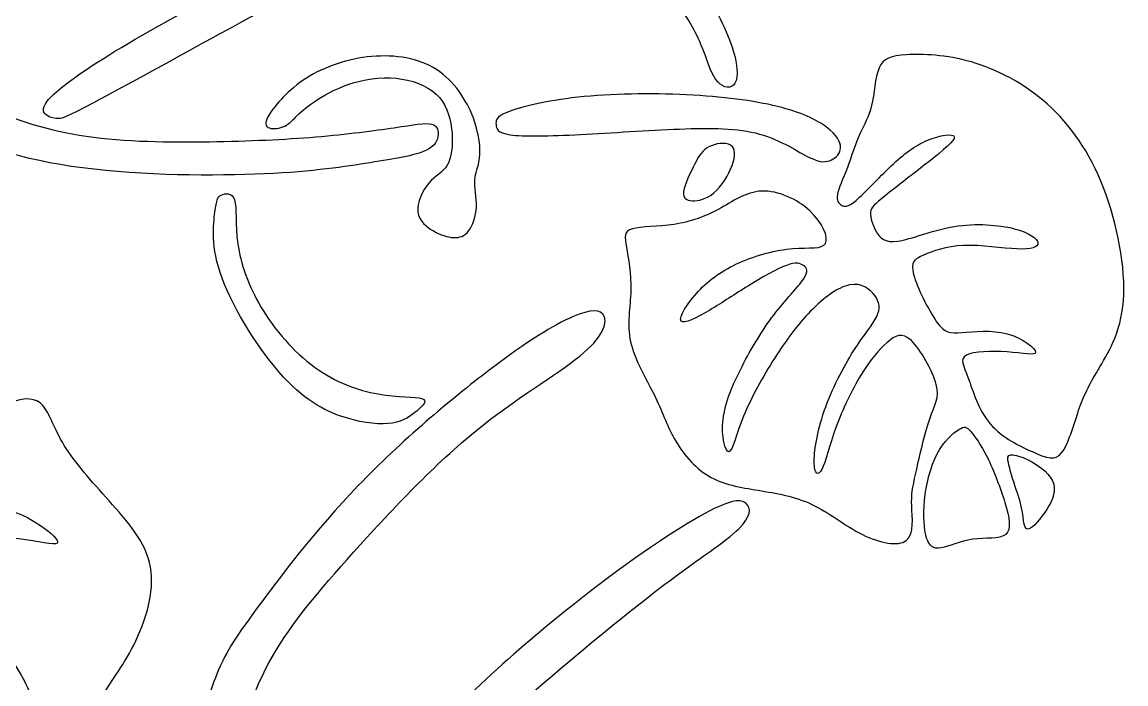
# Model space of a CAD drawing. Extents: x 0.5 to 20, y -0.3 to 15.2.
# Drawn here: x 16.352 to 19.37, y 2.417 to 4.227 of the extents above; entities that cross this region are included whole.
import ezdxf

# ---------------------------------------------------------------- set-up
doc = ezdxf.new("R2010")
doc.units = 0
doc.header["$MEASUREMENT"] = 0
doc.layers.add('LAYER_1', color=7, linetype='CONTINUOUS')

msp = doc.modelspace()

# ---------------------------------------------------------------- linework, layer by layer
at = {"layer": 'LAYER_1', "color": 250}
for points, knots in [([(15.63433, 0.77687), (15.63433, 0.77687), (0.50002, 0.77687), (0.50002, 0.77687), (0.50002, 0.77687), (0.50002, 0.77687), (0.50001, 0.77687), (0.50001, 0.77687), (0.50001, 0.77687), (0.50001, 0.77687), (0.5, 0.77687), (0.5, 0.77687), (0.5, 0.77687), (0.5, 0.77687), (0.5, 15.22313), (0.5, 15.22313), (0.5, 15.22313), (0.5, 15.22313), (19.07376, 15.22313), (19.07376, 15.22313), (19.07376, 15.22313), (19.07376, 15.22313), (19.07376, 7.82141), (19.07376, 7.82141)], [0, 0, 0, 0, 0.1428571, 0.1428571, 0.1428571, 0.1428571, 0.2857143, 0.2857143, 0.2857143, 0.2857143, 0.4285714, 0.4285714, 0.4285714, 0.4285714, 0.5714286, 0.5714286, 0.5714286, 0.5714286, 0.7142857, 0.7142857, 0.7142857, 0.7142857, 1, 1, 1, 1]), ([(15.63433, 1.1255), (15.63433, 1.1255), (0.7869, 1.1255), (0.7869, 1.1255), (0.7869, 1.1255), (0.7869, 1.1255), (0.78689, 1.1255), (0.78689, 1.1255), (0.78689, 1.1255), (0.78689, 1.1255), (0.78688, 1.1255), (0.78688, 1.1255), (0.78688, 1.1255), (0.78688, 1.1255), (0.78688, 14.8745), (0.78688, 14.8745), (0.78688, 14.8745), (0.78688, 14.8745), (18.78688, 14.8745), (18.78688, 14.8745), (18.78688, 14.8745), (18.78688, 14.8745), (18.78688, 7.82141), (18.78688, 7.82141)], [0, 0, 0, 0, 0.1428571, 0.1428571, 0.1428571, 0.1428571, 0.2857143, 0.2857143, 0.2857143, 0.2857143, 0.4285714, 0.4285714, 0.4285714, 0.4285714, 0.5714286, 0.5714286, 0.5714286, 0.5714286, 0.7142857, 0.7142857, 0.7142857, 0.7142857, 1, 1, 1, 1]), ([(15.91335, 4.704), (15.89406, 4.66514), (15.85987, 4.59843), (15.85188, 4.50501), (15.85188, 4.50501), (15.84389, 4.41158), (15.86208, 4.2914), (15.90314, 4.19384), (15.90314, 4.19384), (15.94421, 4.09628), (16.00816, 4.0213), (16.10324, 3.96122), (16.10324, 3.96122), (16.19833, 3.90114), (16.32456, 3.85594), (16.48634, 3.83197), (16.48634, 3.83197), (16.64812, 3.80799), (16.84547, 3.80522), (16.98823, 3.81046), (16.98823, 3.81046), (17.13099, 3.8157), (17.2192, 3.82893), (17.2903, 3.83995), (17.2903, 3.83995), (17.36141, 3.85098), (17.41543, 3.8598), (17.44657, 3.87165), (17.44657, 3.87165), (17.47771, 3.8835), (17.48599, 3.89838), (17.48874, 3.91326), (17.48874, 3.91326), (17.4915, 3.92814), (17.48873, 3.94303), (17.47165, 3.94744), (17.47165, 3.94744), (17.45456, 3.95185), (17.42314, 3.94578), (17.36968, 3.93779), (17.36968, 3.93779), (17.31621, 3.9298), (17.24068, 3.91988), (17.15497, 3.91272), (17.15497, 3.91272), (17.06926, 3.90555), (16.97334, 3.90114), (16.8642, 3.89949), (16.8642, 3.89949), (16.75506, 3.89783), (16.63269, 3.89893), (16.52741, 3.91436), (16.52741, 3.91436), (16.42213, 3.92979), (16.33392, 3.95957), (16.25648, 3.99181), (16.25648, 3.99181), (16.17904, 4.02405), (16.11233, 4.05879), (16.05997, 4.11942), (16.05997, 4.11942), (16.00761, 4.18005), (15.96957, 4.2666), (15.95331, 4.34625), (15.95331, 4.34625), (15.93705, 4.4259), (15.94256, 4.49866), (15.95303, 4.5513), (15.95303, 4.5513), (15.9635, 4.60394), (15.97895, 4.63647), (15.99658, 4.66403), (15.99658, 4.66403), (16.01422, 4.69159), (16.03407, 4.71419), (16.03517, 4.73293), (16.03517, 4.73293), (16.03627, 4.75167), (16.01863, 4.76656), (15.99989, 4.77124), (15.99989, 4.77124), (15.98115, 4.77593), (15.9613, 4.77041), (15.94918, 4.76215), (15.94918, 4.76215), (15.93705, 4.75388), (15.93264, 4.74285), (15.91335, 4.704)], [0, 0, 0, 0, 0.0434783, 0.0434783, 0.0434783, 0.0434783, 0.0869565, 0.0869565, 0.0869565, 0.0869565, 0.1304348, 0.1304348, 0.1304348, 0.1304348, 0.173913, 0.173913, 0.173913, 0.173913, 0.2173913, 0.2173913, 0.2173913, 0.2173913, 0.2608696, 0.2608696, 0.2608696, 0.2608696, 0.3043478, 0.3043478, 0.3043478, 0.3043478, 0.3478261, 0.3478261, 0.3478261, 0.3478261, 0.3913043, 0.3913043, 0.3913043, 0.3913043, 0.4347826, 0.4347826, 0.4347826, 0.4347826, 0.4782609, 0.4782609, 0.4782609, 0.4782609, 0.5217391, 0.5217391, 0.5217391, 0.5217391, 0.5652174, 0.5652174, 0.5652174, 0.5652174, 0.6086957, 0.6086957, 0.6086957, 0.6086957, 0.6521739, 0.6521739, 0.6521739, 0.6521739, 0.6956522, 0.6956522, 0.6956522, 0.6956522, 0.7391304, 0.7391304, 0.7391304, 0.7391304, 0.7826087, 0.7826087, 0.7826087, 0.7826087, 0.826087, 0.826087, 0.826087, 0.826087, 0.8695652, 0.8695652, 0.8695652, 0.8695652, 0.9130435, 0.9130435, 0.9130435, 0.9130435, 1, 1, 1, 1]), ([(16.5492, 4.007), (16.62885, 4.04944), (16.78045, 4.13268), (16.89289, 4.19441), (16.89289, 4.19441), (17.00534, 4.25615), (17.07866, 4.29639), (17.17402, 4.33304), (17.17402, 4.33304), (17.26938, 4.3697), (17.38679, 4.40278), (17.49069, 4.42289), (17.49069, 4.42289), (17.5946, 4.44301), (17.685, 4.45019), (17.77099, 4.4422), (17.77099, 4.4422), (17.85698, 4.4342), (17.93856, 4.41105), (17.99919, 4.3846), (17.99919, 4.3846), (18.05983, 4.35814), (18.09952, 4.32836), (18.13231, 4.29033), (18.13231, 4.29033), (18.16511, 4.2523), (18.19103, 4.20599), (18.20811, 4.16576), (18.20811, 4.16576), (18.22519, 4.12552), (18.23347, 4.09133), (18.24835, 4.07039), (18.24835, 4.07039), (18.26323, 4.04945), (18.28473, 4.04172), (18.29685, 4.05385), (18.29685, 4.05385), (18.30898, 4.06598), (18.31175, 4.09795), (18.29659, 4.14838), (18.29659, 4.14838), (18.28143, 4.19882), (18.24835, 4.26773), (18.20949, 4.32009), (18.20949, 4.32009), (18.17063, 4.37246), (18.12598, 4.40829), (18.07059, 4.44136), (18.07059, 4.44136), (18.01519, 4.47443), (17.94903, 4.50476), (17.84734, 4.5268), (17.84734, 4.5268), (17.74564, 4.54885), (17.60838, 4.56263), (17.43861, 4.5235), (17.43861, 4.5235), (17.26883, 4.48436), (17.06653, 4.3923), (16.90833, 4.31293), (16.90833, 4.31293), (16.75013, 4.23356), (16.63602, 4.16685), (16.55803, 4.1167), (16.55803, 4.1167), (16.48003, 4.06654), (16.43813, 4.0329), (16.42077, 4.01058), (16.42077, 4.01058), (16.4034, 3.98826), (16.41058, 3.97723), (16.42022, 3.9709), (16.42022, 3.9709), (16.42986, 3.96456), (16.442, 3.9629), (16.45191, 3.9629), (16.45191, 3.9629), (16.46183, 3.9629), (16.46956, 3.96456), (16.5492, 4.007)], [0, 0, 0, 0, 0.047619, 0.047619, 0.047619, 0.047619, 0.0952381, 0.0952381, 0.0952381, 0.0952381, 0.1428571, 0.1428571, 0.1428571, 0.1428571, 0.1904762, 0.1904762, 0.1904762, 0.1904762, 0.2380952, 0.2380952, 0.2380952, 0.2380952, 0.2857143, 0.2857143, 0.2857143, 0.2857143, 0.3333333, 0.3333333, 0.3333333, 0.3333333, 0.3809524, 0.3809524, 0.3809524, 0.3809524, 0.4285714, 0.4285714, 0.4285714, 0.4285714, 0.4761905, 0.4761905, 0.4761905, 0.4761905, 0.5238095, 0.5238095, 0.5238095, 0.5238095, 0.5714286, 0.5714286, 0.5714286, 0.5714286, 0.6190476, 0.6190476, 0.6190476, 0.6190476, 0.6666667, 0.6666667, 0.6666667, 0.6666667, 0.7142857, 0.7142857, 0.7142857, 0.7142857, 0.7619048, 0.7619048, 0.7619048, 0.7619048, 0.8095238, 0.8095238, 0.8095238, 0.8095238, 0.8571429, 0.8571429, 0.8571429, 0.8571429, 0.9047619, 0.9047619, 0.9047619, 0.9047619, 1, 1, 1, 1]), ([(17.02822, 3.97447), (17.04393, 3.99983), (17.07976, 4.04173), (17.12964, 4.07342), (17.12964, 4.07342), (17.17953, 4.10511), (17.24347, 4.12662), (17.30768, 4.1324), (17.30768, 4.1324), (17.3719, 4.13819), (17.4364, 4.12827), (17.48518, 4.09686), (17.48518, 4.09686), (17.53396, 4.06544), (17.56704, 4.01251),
* * * * *
■ What you will do ■
Look over the listing. Pull out every line with the string "color" in it.

■ Task solution ■
doc.layers.add('LAYER_1', color=7, linetype='CONTINUOUS')
at = {"layer": 'LAYER_1', "color": 250}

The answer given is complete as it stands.